Reviewing data embeddings to structured algebras

Speaker: Jacob Hjelmborg, University of Southern Denmark

Abstract: We focus on a recent proposal of a data analysis framework that involves the theory of operator algebras. We will be reviewing embeddings of data into Hilbert C*-modules that have the reproducing kernel property. The classic idea of embedding data into some higher dimensional space to find solution of problems, e.g., separation of features is key and has a modern aspect through extended kernel-based methods.

Does this have a relation to health science questions? We intend to relate to the aims of the Nordic twin study of cancer.  

How to generate realistic, non-personal synthetic health data?

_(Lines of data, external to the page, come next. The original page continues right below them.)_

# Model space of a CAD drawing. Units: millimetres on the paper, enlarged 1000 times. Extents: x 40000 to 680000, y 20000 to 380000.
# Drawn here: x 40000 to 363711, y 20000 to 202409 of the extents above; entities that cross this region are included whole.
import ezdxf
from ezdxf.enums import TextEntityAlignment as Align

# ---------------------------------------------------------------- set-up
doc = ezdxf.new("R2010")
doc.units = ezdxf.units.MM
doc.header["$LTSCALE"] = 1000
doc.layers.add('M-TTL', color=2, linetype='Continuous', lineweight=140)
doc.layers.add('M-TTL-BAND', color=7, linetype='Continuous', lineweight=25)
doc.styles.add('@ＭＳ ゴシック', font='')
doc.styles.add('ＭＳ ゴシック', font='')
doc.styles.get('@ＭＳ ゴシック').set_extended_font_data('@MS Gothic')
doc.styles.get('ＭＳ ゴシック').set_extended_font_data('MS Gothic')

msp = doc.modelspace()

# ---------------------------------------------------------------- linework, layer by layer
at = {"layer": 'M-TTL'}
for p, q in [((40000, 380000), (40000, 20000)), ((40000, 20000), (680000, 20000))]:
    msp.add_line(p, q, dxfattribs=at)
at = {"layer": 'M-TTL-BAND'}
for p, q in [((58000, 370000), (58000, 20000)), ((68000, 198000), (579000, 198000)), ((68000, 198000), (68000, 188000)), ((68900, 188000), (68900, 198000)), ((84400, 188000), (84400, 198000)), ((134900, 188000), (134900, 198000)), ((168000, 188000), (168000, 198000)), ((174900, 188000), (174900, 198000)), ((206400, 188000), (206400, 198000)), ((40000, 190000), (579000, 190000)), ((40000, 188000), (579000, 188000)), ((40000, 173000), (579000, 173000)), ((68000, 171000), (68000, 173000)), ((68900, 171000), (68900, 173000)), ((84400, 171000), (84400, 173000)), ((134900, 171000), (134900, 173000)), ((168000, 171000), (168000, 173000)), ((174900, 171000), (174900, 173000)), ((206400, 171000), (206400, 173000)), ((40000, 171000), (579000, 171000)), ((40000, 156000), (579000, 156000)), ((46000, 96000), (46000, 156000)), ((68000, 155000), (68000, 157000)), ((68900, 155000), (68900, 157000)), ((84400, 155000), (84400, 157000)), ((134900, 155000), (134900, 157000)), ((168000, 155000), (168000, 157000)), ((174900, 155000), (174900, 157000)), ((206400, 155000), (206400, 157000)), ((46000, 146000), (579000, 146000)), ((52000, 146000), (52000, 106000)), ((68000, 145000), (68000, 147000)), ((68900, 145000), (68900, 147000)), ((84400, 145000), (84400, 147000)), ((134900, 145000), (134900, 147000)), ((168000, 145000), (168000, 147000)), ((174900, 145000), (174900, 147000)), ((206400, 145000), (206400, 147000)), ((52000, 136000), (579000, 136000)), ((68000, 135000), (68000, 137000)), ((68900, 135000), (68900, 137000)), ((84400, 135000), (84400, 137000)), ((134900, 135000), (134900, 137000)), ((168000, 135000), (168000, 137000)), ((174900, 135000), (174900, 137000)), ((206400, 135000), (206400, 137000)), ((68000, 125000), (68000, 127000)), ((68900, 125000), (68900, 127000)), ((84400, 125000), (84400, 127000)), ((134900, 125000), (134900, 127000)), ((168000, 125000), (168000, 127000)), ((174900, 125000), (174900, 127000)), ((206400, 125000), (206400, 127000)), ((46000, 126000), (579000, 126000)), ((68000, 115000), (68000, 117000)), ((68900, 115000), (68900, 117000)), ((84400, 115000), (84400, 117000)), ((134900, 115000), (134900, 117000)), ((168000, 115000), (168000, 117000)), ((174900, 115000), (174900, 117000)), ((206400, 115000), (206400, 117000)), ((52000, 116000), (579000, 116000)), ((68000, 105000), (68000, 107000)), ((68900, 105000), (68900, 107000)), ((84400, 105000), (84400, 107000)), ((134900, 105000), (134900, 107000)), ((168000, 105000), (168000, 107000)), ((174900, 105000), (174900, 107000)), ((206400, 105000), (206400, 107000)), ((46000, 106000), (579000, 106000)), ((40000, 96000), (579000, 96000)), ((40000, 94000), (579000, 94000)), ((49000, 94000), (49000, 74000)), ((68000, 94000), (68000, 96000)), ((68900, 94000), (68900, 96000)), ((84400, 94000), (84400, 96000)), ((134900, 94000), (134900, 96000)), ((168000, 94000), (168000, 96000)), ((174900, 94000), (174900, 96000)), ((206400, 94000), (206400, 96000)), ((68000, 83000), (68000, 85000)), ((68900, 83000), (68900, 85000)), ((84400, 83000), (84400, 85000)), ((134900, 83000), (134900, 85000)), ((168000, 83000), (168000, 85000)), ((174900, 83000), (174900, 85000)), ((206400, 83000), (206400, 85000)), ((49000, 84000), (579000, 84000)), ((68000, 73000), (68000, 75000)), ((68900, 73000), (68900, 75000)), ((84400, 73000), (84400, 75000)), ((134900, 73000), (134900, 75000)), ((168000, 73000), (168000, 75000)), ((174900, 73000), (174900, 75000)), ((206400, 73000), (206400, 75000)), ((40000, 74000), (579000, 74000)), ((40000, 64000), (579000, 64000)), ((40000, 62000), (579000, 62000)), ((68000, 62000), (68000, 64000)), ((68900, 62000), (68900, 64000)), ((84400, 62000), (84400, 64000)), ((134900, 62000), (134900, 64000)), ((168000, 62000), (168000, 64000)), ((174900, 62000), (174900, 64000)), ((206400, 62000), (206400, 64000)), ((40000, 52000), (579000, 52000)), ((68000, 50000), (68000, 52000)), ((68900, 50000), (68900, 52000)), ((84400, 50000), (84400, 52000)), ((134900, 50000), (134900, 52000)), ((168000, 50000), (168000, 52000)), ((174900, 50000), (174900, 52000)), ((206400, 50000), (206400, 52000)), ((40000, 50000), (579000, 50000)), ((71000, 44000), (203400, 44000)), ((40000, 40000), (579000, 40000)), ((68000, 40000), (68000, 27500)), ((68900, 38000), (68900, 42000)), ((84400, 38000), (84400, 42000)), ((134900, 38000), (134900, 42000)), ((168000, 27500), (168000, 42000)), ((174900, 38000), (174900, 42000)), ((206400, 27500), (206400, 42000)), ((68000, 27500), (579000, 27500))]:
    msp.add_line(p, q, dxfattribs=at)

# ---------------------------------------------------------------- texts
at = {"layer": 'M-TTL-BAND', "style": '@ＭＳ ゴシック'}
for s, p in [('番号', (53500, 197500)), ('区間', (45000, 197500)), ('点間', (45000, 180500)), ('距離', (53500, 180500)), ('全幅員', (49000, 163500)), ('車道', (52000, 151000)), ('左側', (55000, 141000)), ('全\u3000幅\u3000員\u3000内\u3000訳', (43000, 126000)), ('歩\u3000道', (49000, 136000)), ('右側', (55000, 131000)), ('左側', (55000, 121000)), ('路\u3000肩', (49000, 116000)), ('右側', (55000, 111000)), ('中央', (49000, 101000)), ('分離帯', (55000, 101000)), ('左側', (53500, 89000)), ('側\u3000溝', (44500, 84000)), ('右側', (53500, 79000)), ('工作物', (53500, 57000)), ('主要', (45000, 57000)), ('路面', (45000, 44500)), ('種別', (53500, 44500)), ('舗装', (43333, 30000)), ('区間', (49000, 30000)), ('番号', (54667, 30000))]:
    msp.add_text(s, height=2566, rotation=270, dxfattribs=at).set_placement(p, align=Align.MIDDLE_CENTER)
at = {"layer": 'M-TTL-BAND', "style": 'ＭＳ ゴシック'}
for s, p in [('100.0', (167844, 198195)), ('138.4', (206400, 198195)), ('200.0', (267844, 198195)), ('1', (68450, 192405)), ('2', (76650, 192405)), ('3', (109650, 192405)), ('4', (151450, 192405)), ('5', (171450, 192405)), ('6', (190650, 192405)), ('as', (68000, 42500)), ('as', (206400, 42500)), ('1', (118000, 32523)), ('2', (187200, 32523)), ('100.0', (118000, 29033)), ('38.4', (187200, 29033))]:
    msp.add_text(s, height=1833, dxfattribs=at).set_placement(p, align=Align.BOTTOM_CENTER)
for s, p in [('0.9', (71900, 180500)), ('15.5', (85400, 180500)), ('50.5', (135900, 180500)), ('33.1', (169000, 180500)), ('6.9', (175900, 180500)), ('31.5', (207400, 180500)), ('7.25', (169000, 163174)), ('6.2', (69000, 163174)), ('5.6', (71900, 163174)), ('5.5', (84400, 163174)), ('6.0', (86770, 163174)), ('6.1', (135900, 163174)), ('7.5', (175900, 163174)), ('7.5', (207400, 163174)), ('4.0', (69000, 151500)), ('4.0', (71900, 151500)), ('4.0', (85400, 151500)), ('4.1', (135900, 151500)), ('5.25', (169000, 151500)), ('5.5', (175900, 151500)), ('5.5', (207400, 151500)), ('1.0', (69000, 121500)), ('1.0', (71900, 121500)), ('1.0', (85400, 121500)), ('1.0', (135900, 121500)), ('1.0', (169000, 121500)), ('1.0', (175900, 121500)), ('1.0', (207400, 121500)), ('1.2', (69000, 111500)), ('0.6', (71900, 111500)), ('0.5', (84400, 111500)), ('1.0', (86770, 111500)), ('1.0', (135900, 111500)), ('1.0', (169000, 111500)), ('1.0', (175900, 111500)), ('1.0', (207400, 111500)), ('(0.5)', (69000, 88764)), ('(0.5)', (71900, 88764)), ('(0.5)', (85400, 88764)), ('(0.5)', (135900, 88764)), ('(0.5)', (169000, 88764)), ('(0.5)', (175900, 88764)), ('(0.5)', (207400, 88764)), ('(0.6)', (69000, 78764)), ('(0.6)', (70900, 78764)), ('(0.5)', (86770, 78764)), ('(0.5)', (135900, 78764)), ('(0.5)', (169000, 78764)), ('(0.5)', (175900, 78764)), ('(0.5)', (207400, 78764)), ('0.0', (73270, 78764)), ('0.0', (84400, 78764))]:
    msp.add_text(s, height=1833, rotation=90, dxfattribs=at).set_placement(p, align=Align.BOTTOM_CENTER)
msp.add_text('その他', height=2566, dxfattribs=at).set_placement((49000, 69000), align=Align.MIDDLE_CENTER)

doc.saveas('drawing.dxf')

Speaker: Martin Bøgsted, Center for Clinical Data Science, Aalborg University and Aalborg University Hospital

Abstract: A person’s health data are according to GDPR guided by strict governance and access rules. To share such data to a wider audience for educational, research, and development purposes, it has been suggested to generate synthetic data, i.e., anonymous data (which per definition are outside the GDPR) that preserves the properties of the real dataset. Synthetic data are typically obtained by sampling from a noisy model of the data.  There is a clear privacy/utility tradeoff for such data. If we add much noise, the privacy is high, but the utility is low and if we add no noise the privacy is low, but the utility is high. Thus, there is a clear need to establish ways of measuring the privacy of synthetic data generation. Differential privacy is considered the state-of-the-art privacy property. However, this measure does not directly measure the individual’s privacy risk. As an alternative, Bayesian privacy has been suggested which measures the individual’s posterior risk given the synthetic data and the generating mechanism. However, current implementations scale poorly both regarding to construction and computation time. In this talk, the notation of differential and Bayesian privacy will be defined and there will be a discussion on the open problems in large scale adoption of Bayesian privacy measures. This work is a part of the project “Synthetic Health Data: Ethical Development and Deployment via Deep Learning approaches (SE3D)” supported by the Nordisk Foundation’s Data Science Collaborative Research Programme.